▶ _Exercise data_:

--------------------

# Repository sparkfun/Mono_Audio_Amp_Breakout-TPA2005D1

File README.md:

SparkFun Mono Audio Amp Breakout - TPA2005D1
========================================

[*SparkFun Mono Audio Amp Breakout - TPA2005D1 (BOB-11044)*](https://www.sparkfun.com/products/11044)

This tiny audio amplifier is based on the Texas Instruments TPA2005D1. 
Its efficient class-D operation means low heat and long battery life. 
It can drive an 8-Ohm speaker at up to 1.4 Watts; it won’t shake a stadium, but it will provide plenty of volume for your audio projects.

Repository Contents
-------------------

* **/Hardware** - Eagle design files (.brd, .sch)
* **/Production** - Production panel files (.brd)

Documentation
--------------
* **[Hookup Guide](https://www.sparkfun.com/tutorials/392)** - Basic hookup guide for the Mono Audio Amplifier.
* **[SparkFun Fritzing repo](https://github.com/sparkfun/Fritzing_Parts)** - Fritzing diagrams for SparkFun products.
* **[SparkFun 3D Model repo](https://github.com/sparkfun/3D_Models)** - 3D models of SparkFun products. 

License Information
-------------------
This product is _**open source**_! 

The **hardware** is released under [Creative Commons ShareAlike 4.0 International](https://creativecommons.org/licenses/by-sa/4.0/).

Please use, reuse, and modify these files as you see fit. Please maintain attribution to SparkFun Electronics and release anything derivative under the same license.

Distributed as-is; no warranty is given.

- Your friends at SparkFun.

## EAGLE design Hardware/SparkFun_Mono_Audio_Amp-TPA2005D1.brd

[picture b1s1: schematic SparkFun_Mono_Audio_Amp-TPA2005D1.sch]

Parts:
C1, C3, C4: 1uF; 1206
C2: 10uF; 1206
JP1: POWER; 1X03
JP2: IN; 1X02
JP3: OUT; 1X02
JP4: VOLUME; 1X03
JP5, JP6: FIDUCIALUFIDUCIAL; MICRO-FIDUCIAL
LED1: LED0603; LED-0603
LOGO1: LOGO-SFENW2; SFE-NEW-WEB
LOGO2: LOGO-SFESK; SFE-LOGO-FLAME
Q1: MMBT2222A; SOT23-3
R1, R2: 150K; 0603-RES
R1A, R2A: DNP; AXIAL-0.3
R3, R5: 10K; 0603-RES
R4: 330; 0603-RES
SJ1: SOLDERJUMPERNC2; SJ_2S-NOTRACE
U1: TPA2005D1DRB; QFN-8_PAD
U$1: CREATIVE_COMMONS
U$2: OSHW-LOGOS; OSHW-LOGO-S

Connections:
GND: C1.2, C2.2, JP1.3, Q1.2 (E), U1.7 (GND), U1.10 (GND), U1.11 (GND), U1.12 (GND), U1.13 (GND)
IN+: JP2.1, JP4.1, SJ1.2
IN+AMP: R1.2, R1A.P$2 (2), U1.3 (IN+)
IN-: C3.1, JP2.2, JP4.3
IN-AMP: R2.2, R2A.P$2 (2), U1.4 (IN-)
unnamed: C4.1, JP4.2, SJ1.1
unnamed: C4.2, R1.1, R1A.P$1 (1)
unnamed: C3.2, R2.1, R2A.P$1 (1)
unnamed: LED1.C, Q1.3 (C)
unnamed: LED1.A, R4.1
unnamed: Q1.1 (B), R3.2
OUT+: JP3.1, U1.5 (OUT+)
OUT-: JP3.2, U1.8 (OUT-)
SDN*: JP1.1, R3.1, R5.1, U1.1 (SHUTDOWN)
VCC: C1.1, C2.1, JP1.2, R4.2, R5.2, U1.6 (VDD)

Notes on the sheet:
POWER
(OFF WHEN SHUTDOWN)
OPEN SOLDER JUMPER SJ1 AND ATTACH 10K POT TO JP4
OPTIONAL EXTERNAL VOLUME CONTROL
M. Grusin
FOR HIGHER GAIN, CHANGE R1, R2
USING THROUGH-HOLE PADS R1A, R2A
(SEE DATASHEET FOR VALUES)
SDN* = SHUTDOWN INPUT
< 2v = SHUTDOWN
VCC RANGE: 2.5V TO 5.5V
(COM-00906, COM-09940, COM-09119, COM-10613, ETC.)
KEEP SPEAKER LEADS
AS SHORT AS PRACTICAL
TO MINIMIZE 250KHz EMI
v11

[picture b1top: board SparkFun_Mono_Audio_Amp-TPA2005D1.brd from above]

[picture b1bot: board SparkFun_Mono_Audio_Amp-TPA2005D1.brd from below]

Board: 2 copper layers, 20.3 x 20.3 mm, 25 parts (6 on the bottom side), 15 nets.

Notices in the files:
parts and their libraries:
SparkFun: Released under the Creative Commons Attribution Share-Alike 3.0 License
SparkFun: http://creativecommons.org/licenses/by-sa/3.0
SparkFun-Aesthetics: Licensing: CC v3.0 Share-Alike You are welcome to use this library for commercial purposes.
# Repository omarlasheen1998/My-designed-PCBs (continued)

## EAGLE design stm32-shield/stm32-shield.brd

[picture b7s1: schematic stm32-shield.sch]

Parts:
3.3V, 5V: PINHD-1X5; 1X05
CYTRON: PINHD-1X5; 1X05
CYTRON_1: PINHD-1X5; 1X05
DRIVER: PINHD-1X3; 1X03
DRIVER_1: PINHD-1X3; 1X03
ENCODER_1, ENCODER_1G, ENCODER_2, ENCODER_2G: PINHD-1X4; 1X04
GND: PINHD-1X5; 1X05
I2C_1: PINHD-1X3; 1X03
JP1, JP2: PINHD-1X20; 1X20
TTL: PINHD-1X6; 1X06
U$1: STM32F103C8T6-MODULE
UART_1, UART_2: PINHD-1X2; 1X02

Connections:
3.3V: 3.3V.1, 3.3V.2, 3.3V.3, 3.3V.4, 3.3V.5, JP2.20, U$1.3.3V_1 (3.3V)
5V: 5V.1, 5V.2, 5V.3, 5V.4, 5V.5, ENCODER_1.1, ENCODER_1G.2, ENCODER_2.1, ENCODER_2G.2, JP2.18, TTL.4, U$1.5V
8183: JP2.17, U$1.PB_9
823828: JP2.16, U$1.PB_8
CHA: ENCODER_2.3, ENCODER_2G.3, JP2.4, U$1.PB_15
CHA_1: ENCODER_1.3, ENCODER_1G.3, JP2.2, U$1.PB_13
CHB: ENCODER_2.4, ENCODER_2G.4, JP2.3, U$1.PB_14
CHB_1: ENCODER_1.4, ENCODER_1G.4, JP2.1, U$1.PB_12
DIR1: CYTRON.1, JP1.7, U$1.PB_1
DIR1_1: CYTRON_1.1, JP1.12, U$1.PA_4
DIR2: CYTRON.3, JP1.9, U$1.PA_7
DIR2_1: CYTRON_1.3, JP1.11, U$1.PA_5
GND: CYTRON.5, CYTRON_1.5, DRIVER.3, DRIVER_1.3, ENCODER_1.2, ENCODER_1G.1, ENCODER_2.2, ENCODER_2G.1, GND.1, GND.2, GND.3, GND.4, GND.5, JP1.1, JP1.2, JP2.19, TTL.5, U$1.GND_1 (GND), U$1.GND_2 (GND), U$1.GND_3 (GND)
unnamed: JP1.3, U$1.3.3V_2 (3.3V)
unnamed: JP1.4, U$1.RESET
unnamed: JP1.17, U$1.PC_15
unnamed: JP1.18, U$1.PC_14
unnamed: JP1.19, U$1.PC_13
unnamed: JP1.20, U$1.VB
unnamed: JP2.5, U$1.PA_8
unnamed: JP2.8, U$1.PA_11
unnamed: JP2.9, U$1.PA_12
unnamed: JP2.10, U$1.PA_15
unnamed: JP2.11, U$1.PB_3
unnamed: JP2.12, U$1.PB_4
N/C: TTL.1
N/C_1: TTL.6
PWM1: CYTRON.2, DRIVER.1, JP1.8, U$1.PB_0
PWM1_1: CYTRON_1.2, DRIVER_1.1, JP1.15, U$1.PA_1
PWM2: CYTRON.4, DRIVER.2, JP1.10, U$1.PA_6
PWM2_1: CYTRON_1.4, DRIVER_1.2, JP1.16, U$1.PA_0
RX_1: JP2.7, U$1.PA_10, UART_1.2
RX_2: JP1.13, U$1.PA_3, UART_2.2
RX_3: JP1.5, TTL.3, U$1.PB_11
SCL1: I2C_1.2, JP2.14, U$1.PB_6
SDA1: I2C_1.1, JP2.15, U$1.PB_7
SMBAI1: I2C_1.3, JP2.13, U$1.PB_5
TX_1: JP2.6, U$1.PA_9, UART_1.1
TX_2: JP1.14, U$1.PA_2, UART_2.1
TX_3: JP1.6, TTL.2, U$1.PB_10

--------------------

▶ _Problem_: Starting from the data above, filter for lines with "licenses" and copy each one.

▶ _Exercise output_:
The **hardware** is released under [Creative Commons ShareAlike 4.0 International](https://creativecommons.org/licenses/by-sa/4.0/).
SparkFun: http://creativecommons.org/licenses/by-sa/3.0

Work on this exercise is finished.